A gang of cybercriminals says it has breached one of the UK’s largest hospital groups and is threatening to publish a trove of its confidential data.
(Bloomberg) — A gang of cybercriminals says it has breached one of the UK’s largest hospital groups and is threatening to publish a trove of its confidential data.
The gang, known as ALPHV or BlackCat, posted a statement on Friday claiming it had obtained seven terabytes of internal documents from the Barts Health NHS Trust, which manages five hospitals in London that care for about 2.5 million people, according to the Trust’s website.
ALPHV is known to deploy ransomware, a kind of malicious software that encrypts a victim’s computers and renders them inoperable. It then demands payment to unlock the computers and threatens to publish stolen data. Increasingly, however, hacking gangs are foregoing ransomware and just stealing data, then threatening to publish it online unless they are paid.
It wasn’t immediately clear whether the gang had used its ransomware on computers at the London hospitals, St. Bartholomew’s, the Royal London, Mile End, Whipps Cross and Newham.
A spokesperson for the Barts Health said on Friday, “We are aware of claims of a ransomware attack and are urgently investigating.”
Brett Callow, a threat analyst at the cybersecurity firm Emsisoft, said early indications suggested the gang hadn’t yet deployed ransomware. “Had ransomware been deployed, the disruption would likely have been noticeable – and possibly very significant,” he said.
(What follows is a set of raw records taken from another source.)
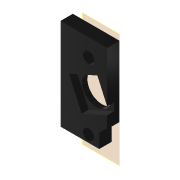
# Autodesk Inventor part: 30_Linear_Stage_NEMA11_baseholder_bayonetmount_objective_autofocus_kes400_camerabracket_underAnAngle
Saved by Autodesk Inventor 2022 (Build 260153000, 153)
## iProperties
Created: 2023-05-15
Part Number: 30_Linear_Stage_NEMA11_baseholder_bayonetmount_objective_autofocus_kes400_camerabracket_underAnAngle
Material: Generisch
Document SubType Name: Modeling
Designer: diederichbenedict
Density: 1 g/cm^3
Appearance: Glatt - Schwarz
Author: diederichbenedict
Autodesk Inventor part; units mm, degrees
ref_plane "YZ Plane" through (0, 0, 0) normal (1, 0, 0) x (0, 1, 0)
ref_plane "XZ Plane" through (0, 0, 0) normal (0, 1, 0) x (-1, 0, 0)
ref_plane "Arbeitsebene1" through (0, 0, 0) normal (0, 0, 1) x (1, 0, 0)
sketch "Skizze1" plane through (0, 0, 0) normal (0, 0, 1) x (1, 0, 0)
  line L0 (-7.7466, -5.9177) -> (-1.7466, -5.9177)
  line L1 (-1.7466, -5.9177) -> (-1.7466, 2.0823)
  line L2 (-1.7466, 2.0823) -> (-7.7466, 2.0823)
  line L3 (-7.7466, 2.0823) -> (-7.7466, -5.9177)
  line L4 (-7.7466, -5.9177) -> (-1.7466, 2.0823) construction
  line L5 (-1.7466, -5.9177) -> (-7.7466, 2.0823) construction
  line L6 (-7.7466, -5.9177) -> (-1.7466, -5.9177)
  line L7 (-1.7466, -5.9177) -> (-1.7466, -3.9177)
  line L8 (-1.7466, -3.9177) -> (-7.7466, -3.9177)
  line L9 (-7.7466, -3.9177) -> (-7.7466, -5.9177)
  circle A0 centre (-4.7466, -1.9177) radius 1.6
  line L10 (0.5034, 22.0823) -> (-10.1632, 22.0823)
  line L11 (-10.1632, 22.0823) -> (-10.1632, 2.0823)
  line L12 (-10.1632, 2.0823) -> (0.5034, 2.0823)
  line L13 (0.5034, 2.0823) -> (0.5034, 22.0823)
  line L14 (0.5034, 22.0823) -> (-10.1632, 2.0823) construction
  line L15 (-10.1632, 22.0823) -> (0.5034, 2.0823) construction
  circle A1 centre (-4.7466, 17.0823) radius 1.6
  circle A2 centre (-4.4966, 8.0823) radius 4.1
  line L16 (-7.7466, -5.9177) -> (-10.1632, -5.9177)
  line L17 (-10.1632, -5.9177) -> (-10.1632, 2.0823)
  line L18 (-10.1632, 2.0823) -> (-7.7466, 2.0823)
  line L19 (-7.7466, 2.0823) -> (-7.7466, -5.9177)
  line L20 (-10.1632, -5.9177) -> (-12.7262, -5.9177)
  line L21 (-12.7262, -5.9177) -> (-12.7262, 22.0823)
  line L22 (-12.7262, 22.0823) -> (-10.1632, 22.0823)
  line L23 (-10.1632, 22.0823) -> (-10.1632, -5.9177)
  point P0 (0, 0)
  point P1 (-7.7466, -3.9177)
  point P2 (-4.8299, 12.0823)
  point P3 (-1.7466, 2.0823)
  point P4 (-7.7466, 2.0823)
  point P5 (-4.7466, 2.0823)
  dimension "d0" = 6
  dimension "d1" = 8
  dimension "d10" = 2
  dimension "d11" = 3.2
  dimension "d12" = 20
  dimension "d13" = 3.2
  dimension "d14" = 19
  dimension "d15" = 8.2
  dimension "d44" = 0
  dimension "d45" = 5.25
  dimension "d46" = 9
  dimension "d53" = 0.25
  constraints: 49 end point, 10 parallel, 5 horizontal, 5 perpendicular, 4 midpoint, 3 centre point, 2 point on line
  measures "d0" distance of L2.end L1.end
  measures "d1" distance of L1.end L0.end
  measures "d10" distance of L7.end L6.end
  measures "d11" diameter of A0
  measures "d12" distance between parallel lines of L12 L10
  measures "d13" diameter of A1
  measures "d14" distance of A0.centre A1.centre
  measures "d15" diameter of A2
  measures "d44" horizontal distance of A0.centre A1.centre
  measures "d45" distance from line of L13 A1.centre
  measures "d46" vertical distance of A2.centre A1.centre
  measures "d53" horizontal distance of A2.centre A1.centre
ref_plane "Arbeitsebene2" through (-9.2536, 3.4368, 4) normal (0, 0, 1) x (1, -0.0003, 0)
extrude "Extrusion1" add sketch "Skizze1" along normal blind 1.5 contours L16 L17 L12 L3 | L3 L2 L1 L8 | L20 L21 L22 L11 L17 | L12 L11 L10 L13 L2
sketch "Skizze4" plane through (0, 0, 1.5) normal (0, 0, 1) x (1, 0, 0)
  line L0 (-55.6662, 35.6355) -> (-7.4062, 35.6355) construction
  line L1 (-7.4062, 35.6355) -> (-7.4062, -28.7112) construction
  line L2 (-7.4062, -28.7112) -> (-55.6662, -28.7112) construction
  line L3 (-55.6662, -28.7112) -> (-55.6662, 35.6355) construction
  line L4 (-34.8105, 18.9517) -> (-34.8105, 11.3513)
  line L5 (-34.8105, 11.3513) -> (-29.4903, 14.6086)
  line L6 (-1.7466, -3.9177) -> (-1.7466, 2.0823) projected
  line L7 (-1.7466, 2.0823) -> (0.5034, 2.0823) projected
  line L8 (0.5034, 2.0823) -> (0.5034, 22.0823) projected
  line L9 (-7.7466, -5.9177) -> (-7.7466, -3.9177) projected
  line L10 (-7.7466, -3.9177) -> (-1.7466, -3.9177) projected
  circle A0 centre (-4.7466, 17.0823) radius 1.6 projected
  circle A1 centre (-4.4966, 8.0823) radius 4.1 projected
  circle A2 centre (-4.7466, -1.9177) radius 1.6 projected
  line L11 (1.3127, 5.8523) -> (-2.2666, 13.8915)
  line L12 (-2.2666, 13.8915) -> (-10.3058, 10.3122)
  line L13 (-10.3058, 10.3122) -> (-6.7265, 2.273)
  line L14 (-6.7265, 2.273) -> (1.3127, 5.8523)
  line L15 (1.3127, 5.8523) -> (-10.3058, 10.3122) construction
  line L16 (-2.2666, 13.8915) -> (-6.7265, 2.273) construction
  line L17 (1.3127, 5.8523) -> (10.1127, 5.8523) construction
  line L18 (0.5034, 22.0823) -> (-12.7262, 22.0823) projected
  line L19 (-12.7262, 22.0823) -> (-12.7262, -5.9177) projected
  line L20 (-12.7262, -5.9177) -> (-7.7466, -5.9177) projected
  line L21 (-7.7466, -3.9177) -> (-1.7466, -3.9177) projected
  line L22 (-7.7466, -3.9177) -> (-12.7262, -3.9177)
  line L23 (-12.7262, 22.0823) -> (-12.7262, -5.9177) projected
  point P0 (0, 0)
  point P1 (0.5034, 5.492)
  point P2 (0.5034, 7.6699)
  dimension "d40" = 8.8
  dimension "d41" = 114
  dimension "d42" = 8.8
  constraints: 20 end point, 2 midpoint, 2 parallel, 2 perpendicular, 1 equal length, 1 horizontal, 1 point on line, 1 vertical, 2 other
  measures "d40" distance of L11.start L11.end
  measures "d41" angle of L17 L11
  measures "d42" distance of L12.end L11.end
extrude "Extrusion4" add sketch "Skizze4" along normal blind 2 contours L10 L22 L19 L18 L8 L11 L12 L13 L14 L7 L6
chamfer "Fase2" distance 2 angle 45 1 edges at (-1.7466, 2.0823, 1.75)

The gang may have chosen not to use its ransomware, “or Barts detected and blocked the encryption part of the attack,” he said.
The gang published a selection of files it said it stole from the Barts Health, including copies of employees’ driving licenses and passports, in addition to internal emails and correspondence marked confidential. In broken English, the hackers claimed on their dark web page that the haul of data from Barts Health amounted to the “most bigger leak from health care system in UK.”
ALPHV hackers communicate in Russian, and they have been active since November 2021, carrying out attacks on a wide range of companies across dozens of sectors, including construction and engineering, retail, transportation, commercial services, insurance, telecommunication and pharmaceuticals, according to a report published last year by researchers at Unit 42, a cybersecurity team at Palo Alto Networks Inc. The gang is known to recruit “affiliates” on cybercrime forums who effectively rent out its ransomware to hack companies and organizations, the report said.
The group previously disrupted Germany’s fuel distribution system after it hacked the firms Mabanaft GmbH and Oiltanking GmbH Group. It also took responsibility for a hack targeting Italy’s GSE energy agency.
The UK’s National Health Service has previously faced major disruption due to cyberattacks. In 2017, scores of hospitals were affected by the spread of ransomware known as WannaCry, which forced the cancellation of thousands of appointments and operations, according to a report on that incident. In August last year, an attack on Advanced, a firm that provides software to the NHS, disrupted some patient services for weeks.